29.1.22

India to See a Decade of Capex Mahotsav: Birla

The twin-balance sheet problem of stressed loans and overleveraged corporates is well behind and the coming decade will see an upsurge in capital expenditure across many sectors, wrote Kumar Mangalam Birla.

“I believe, we have upon us a forthcoming decade of Capex Mahotsav in India,” Birla wrote on a note on LinkedIn that was titled “My Reflection 2021-2022”

Birlas aid that in India, a generation of entrepreneurs are now taking advantage of economic reforms as profound as those in 1991.

1991 is the year when some of the important policy initiatives were introduced in the budget for correcting the fiscal imbalance, like reduction in fertiliser subsidy, abolition of subsidy on sugar, disinvestment of a part of the government's equity holdings in select public sector undertakings.

“The private sector is also firing on two-engines, the conventional and the new economy.
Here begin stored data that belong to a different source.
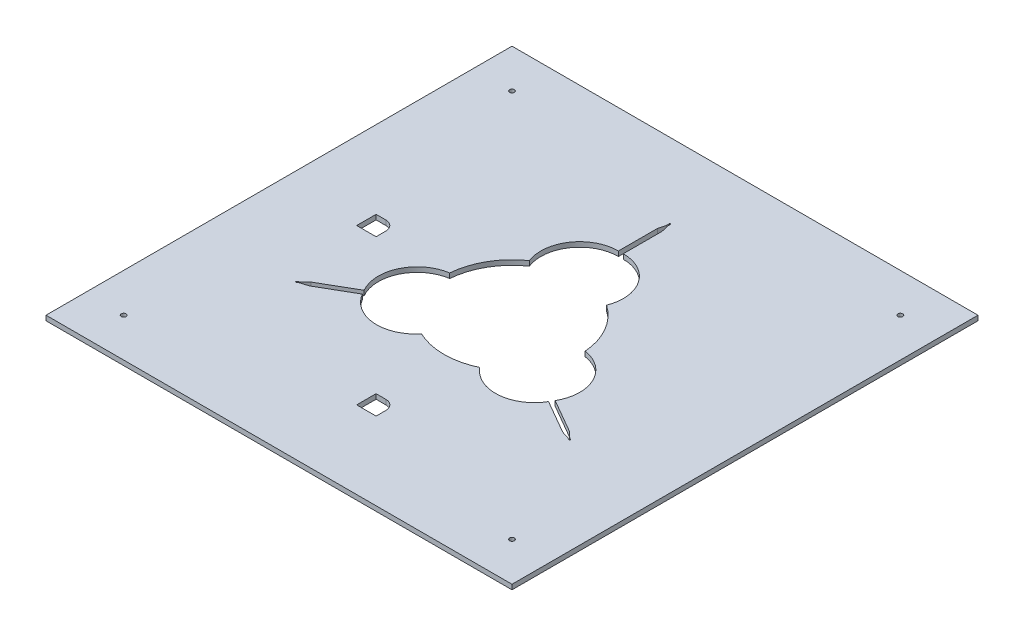
SolidWorks part; units mm, degrees
ref_plane "Front Plane" through (0, 0, 0) normal (0, 0, 1) x (1, 0, 0)
ref_plane "Top Plane" through (0, 0, 0) normal (0, 1, 0) x (1, 0, 0)
ref_plane "Right Plane" through (0, 0, 0) normal (1, 0, 0) x (0, 0, -1)
sketch "Sketch1" plane through (0, 0, 0) normal (0, 1, 0) x (1, 0, 0)
  line L1 (-304.8, -304.8) -> (304.8, -304.8)
  line L2 (-304.8, -304.8) -> (-304.8, 304.8)
  line L3 (-304.8, 304.8) -> (304.8, 304.8)
  line L4 (304.8, -304.8) -> (304.8, 304.8)
  line L5 (0, 304.8) -> (0, -304.8) construction
  line L6 (-304.8, 0) -> (304.8, 0) construction
  point P0 (0, 0)
  dimension "D1" = 609.6
  dimension "D2" = 609.6
extrude "Boss-Extrude1" add sketch "Sketch1" along normal blind 6.35 contours L2 L3 L4 L1
sketch "Sketch3" plane through (0, 0, 0) normal (0, 1, 0) x (1, 0, 0)
  line L0 (0, 0) -> (0, 332.7806) construction
  line L1 (0, 0) -> (-286.8222, -165.5969) construction
  line L2 (0, 0) -> (289.9079, -167.3784) construction
  line L3 (-3.175, 193.2547) -> (-3.175, 142.4547)
  line L4 (-50.4923, 73.1692) -> (50.4923, 73.1692) construction
  line L5 (-3.175, 193.2547) -> (-1.5875, 199.6047)
  line L6 (1.5875, 199.6047) -> (3.175, 193.2547)
  line L7 (3.175, 193.2547) -> (3.175, 142.4547)
  line L9 (-1.5875, 199.6047) -> (1.5875, 199.6047) construction
  line L10 (1.5875, 199.6047) -> (0.7937, 202.7797)
  line L11 (-1.5875, 199.6047) -> (-0.7937, 202.7797)
  line L12 (-0.7937, 202.7797) -> (0.7937, 202.7797) construction
  line L13 (-0.7937, 202.7797) -> (-0.7937, 206.5897)
  line L14 (168.951, -93.8777) -> (124.9569, -68.4777)
  line L15 (0.7937, 206.5897) -> (0.7937, 202.7797)
  line L16 (168.951, -93.8777) -> (173.6565, -98.4275)
  line L17 (173.6565, -98.4275) -> (176.0092, -100.7024)
  line L18 (176.0092, -100.7024) -> (179.3088, -102.6074)
  line L19 (178.515, -103.9823) -> (175.2155, -102.0773)
  line L20 (-3.175, 142.4547) -> (3.175, 142.4547) construction
  line L22 (172.069, -101.1772) -> (175.2155, -102.0773)
  line L25 (172.069, -101.1772) -> (165.776, -99.377)
  line L26 (165.776, -99.377) -> (121.7819, -73.977)
  line L27 (-165.776, -99.377) -> (-121.7819, -73.977)
  line L28 (-165.776, -99.377) -> (-172.069, -101.1772)
  line L29 (-172.069, -101.1772) -> (-175.2155, -102.0773)
  line L30 (-175.2155, -102.0773) -> (-178.515, -103.9823)
  line L31 (-179.3088, -102.6074) -> (-176.0092, -100.7024)
  line L32 (-173.6565, -98.4275) -> (-176.0092, -100.7024)
  line L33 (-173.6565, -98.4275) -> (-168.951, -93.8777)
  line L34 (-168.951, -93.8777) -> (-124.9569, -68.4777)
  arc A1 (-3.175, 142.4547) -> (-50.4923, 73.1692) centre (-3.175, 91.6547) ccw
  arc A2 (3.175, 142.4547) -> (50.4923, 73.1692) centre (3.175, 91.6547) cw
  arc A3 (-50.4923, 73.1692) -> (-88.6126, 7.143) centre (0, 0) ccw
  arc A9 (0.7937, 206.5897) -> (-0.7937, 206.5897) centre (0, 206.5897) ccw
  arc A10 (124.9569, -68.4777) -> (88.6126, 7.143) centre (80.9628, -43.0777) ccw
  arc A15 (178.515, -103.9823) -> (179.3088, -102.6074) centre (178.9119, -103.2948) ccw
  arc A16 (121.7819, -73.977) -> (38.1203, -80.3122) centre (77.7878, -48.577) cw
  arc A17 (-121.7819, -73.977) -> (-38.1203, -80.3122) centre (-77.7878, -48.577) ccw
  arc A18 (-179.3088, -102.6074) -> (-178.515, -103.9823) centre (-178.9119, -103.2948) ccw
  arc A19 (-124.9569, -68.4777) -> (-88.6126, 7.143) centre (-80.9628, -43.0777) cw
  arc A21 (-38.1203, -80.3122) -> (38.1203, -80.3122) centre (0, 0) ccw
  arc A24 (88.6126, 7.143) -> (50.4923, 73.1692) centre (0, 0) ccw
  point P3 (0, 169.3508)
  point P17 (0, 88.9)
  point P33 (0, 0)
  point P34 (0, 0)
  point P62 (0, 0)
  dimension "D6" = 88.9
  dimension "D7" = 50.8
  dimension "D11" = 6.35
  dimension "D12" = 110.7047
  dimension "D14" = 3.81
  dimension "D16" = 88.9
  dimension "D10" = 100.9846
  dimension "D2" = 120
  dimension "D3" = 120
  dimension "D4" = 6.35
  dimension "D5" = 50.8
  dimension "D8" = 3.175
  dimension "D9" = 6.35
  dimension "D13" = 1.5875
  dimension "D17" = 3.175
  dimension "D15" = 3
extrude "Cut-Extrude2" cut sketch "Sketch3" along normal through all
sketch "Sketch4" plane through (0, 0, 0) normal (0, 1, 0) x (1, 0, 0)
  line L0 (0, 0) -> (-203.2, 0) construction
  line L1 (0, 0) -> (0, -203.2) construction
  line L3 (0, -203.2) -> (25.4, -203.2)
  line L4 (0, -203.2) -> (0, -177.8)
  line L5 (0, -177.8) -> (25.4, -177.8)
  line L6 (25.4, -203.2) -> (25.4, -177.8)
  line L7 (-203.2, 0) -> (-177.8, 0)
  line L8 (-203.2, 0) -> (-203.2, 25.4)
  line L9 (-203.2, 25.4) -> (-177.8, 25.4)
  line L10 (-177.8, 0) -> (-177.8, 25.4)
  dimension "D1" = 203.2
  dimension "D2" = 203.2
  dimension "D3" = 25.4
  dimension "D4" = 25.4
  dimension "D5" = 25.4
  dimension "D6" = 25.4
extrude "Cut-Extrude8" cut sketch "Sketch4" along normal through all
fillet "Fillet4" radius 12.7 1 edges at (-177.8, 3.175, -25.4)
fillet "Fillet5" radius 12.7 1 edges at (25.4, 3.175, 177.8)
sketch "Sketch5" plane through (0, 6.35, 0) normal (0, 1, 0) x (1, 0, 0)
  line L1 (-254, -254) -> (254, -254) construction
  line L2 (-254, -254) -> (-254, 254) construction
  line L3 (-254, 254) -> (254, 254) construction
  line L4 (254, -254) -> (254, 254) construction
  line L5 (0, 254) -> (0, -254) construction
  line L6 (-254, 0) -> (254, 0) construction
  circle A0 centre (-254, 254) radius 3.175
  circle A1 centre (254, 254) radius 3.175
  circle A2 centre (254, -254) radius 3.175
  circle A3 centre (-254, -254) radius 3.175
  point P0 (0, 0)
  dimension "D3" = 6.35
  dimension "D1" = 508
  dimension "D2" = 508
  dimension "D4" = 2
  dimension "D5" = 2
extrude "Cut-Extrude9" cut sketch "Sketch5" against normal through all

I call it the double-engine growth,” Birla s aid.

Investors are excited about growth prospects in core sectors as well as sunrise sectors… the word sunrise sector applies to the entire landscape in India, which includes both conventional sectors like cement, steel, power and auto and emerging areas like digital and renewables, Birla said.

Whiplash effects have come into force, with shortages in humble $1 semiconductors in Taiwan, and a fire in a lithography factory in Berlin, lengthening the queues for eager buyers of new cars in India, he said.

“In messages reminiscent of the licence era, hopeful car aspirants are now being put in long waiting lists as companies scramble to crank up production,” Birla said, adding that these whiplash effects have called into question a decades long shift towards increasing efficiency and finely tuned precision operations that optimised operating costs but took away room for margins of error.

Birla said that the world is filled with capital and is the best time to be an entrepreneur.